WORK REQUIRED
All lines in the material below that hold "schematic" should be found and copied.

INFORMATION PROVIDED
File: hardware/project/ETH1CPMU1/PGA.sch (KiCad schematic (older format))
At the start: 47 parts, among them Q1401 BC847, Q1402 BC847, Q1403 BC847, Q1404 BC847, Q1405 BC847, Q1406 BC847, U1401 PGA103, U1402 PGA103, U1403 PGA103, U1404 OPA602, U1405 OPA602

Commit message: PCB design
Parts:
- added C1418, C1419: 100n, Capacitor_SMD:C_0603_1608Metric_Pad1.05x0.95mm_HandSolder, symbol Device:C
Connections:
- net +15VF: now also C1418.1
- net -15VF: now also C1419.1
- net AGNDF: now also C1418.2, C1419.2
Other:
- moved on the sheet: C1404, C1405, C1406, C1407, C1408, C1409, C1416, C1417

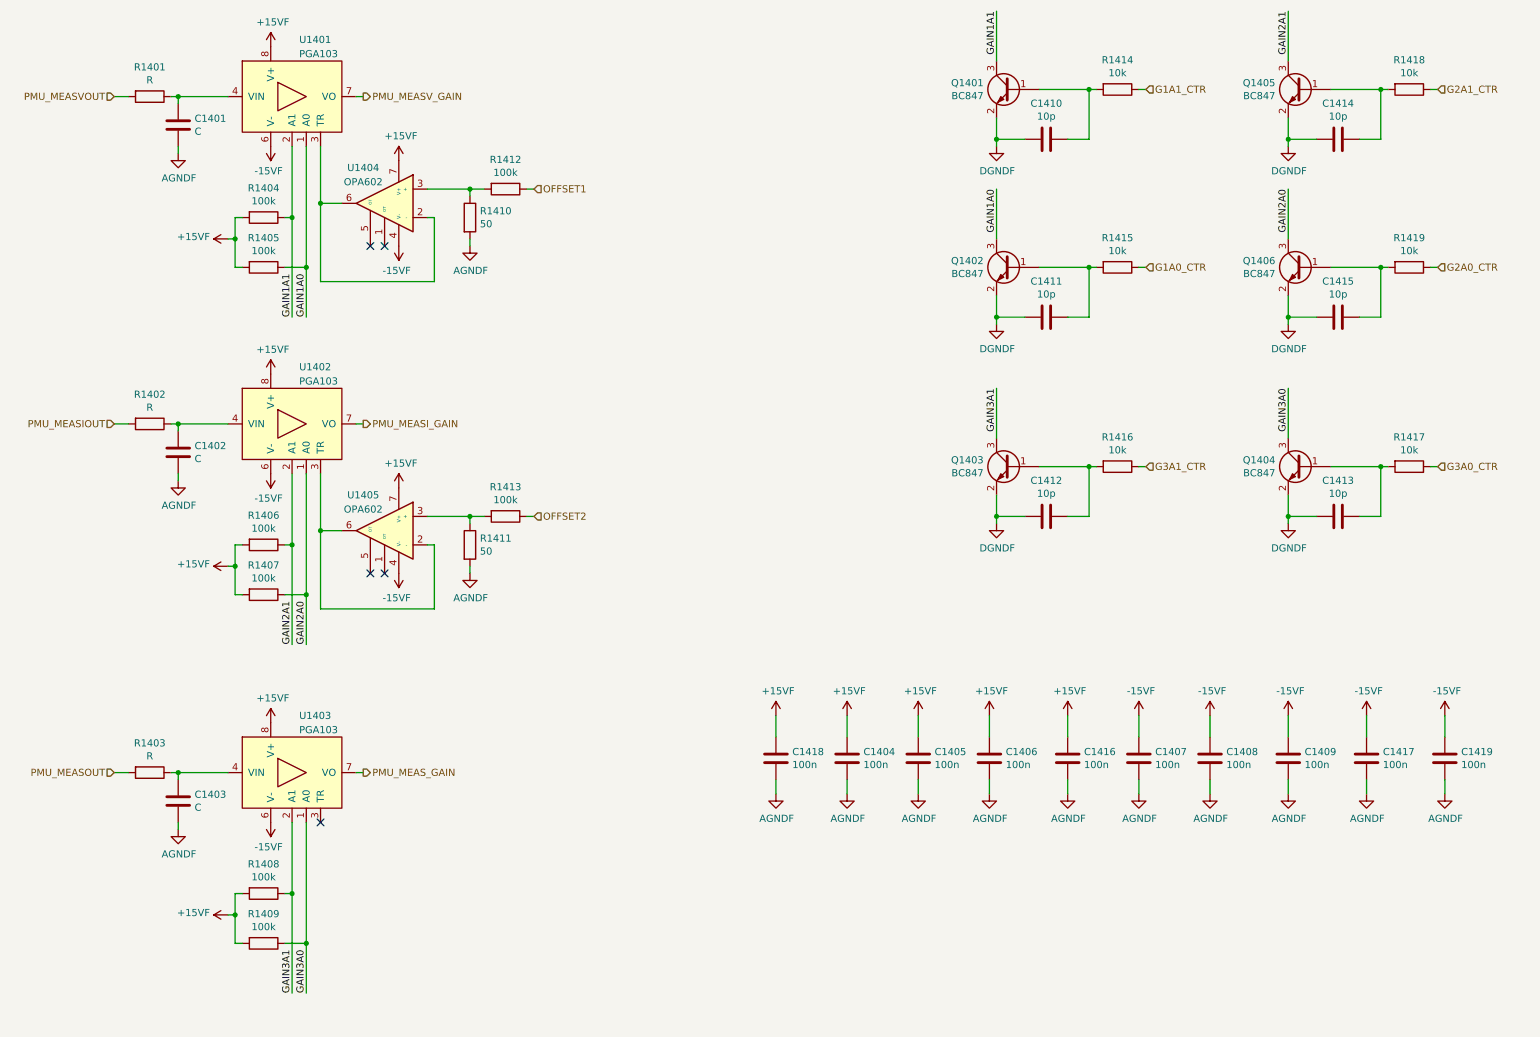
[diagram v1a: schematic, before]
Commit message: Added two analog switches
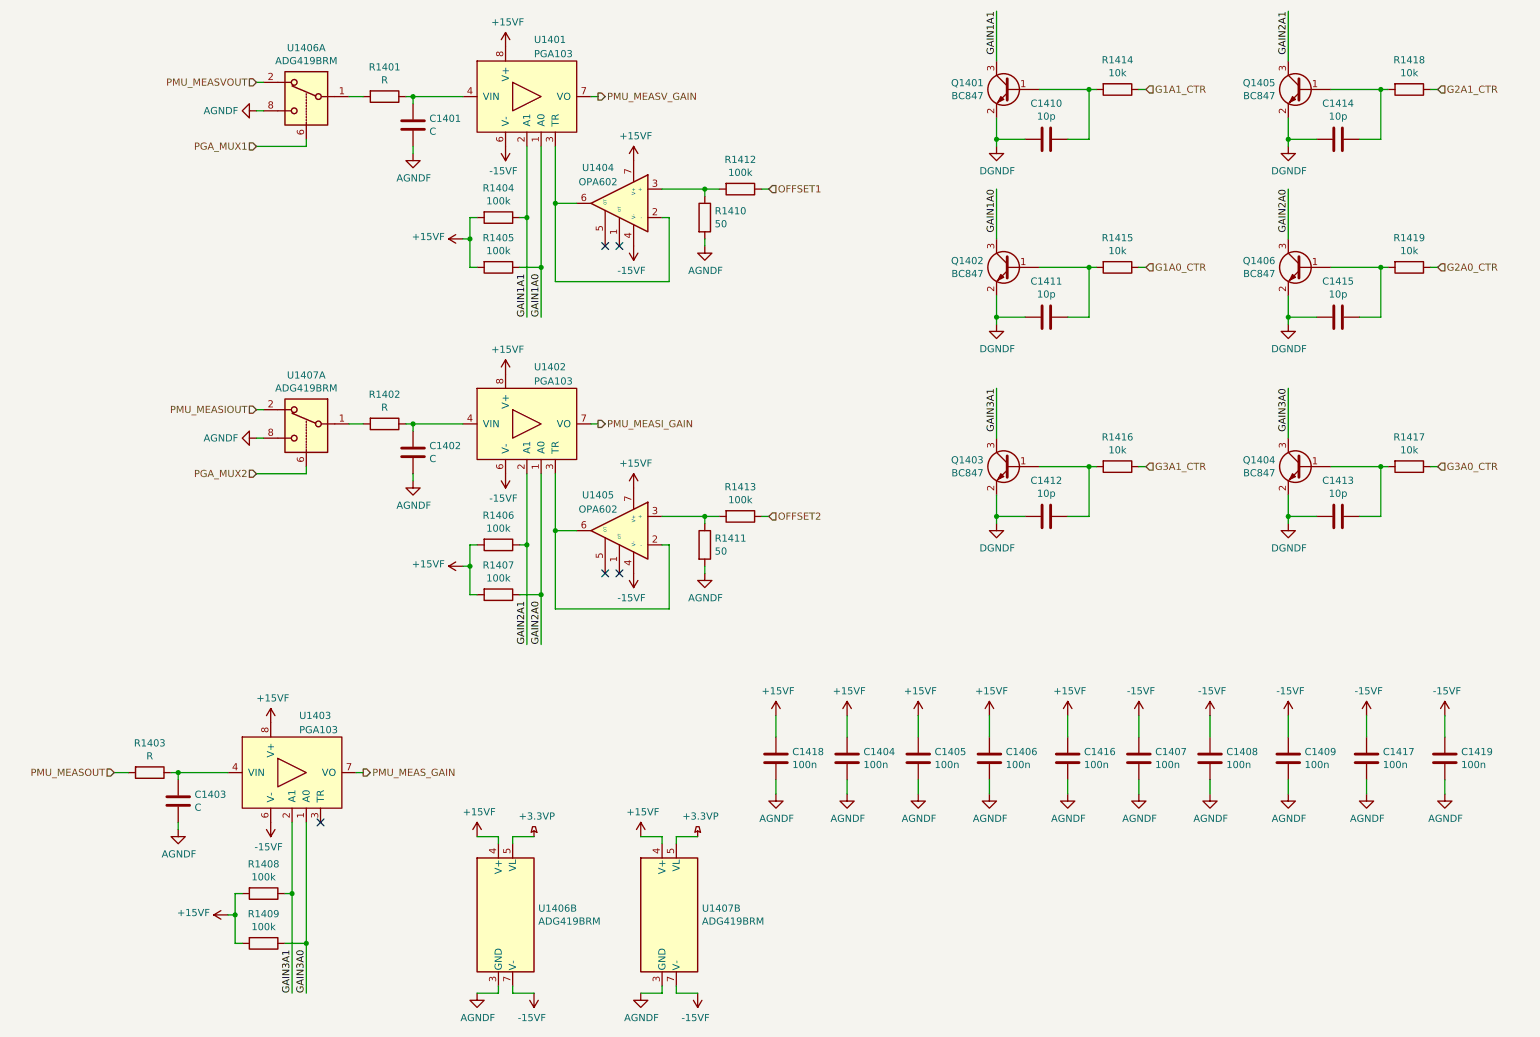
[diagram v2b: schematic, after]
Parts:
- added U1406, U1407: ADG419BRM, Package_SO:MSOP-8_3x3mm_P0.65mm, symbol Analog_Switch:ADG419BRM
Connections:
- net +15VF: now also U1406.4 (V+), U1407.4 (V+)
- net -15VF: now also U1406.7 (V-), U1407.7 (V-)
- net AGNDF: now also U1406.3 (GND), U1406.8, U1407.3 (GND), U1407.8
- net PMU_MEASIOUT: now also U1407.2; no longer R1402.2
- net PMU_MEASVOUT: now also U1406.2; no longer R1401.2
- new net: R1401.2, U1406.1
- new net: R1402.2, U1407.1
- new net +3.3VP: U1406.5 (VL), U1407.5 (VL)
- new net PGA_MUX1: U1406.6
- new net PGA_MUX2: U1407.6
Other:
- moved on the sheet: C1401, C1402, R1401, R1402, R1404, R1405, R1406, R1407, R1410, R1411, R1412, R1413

EXERCISE OUTPUT
File: hardware/project/ETH1CPMU1/PGA.sch (KiCad schematic (older format))
[diagram v1a: schematic, before]
[diagram v2b: schematic, after]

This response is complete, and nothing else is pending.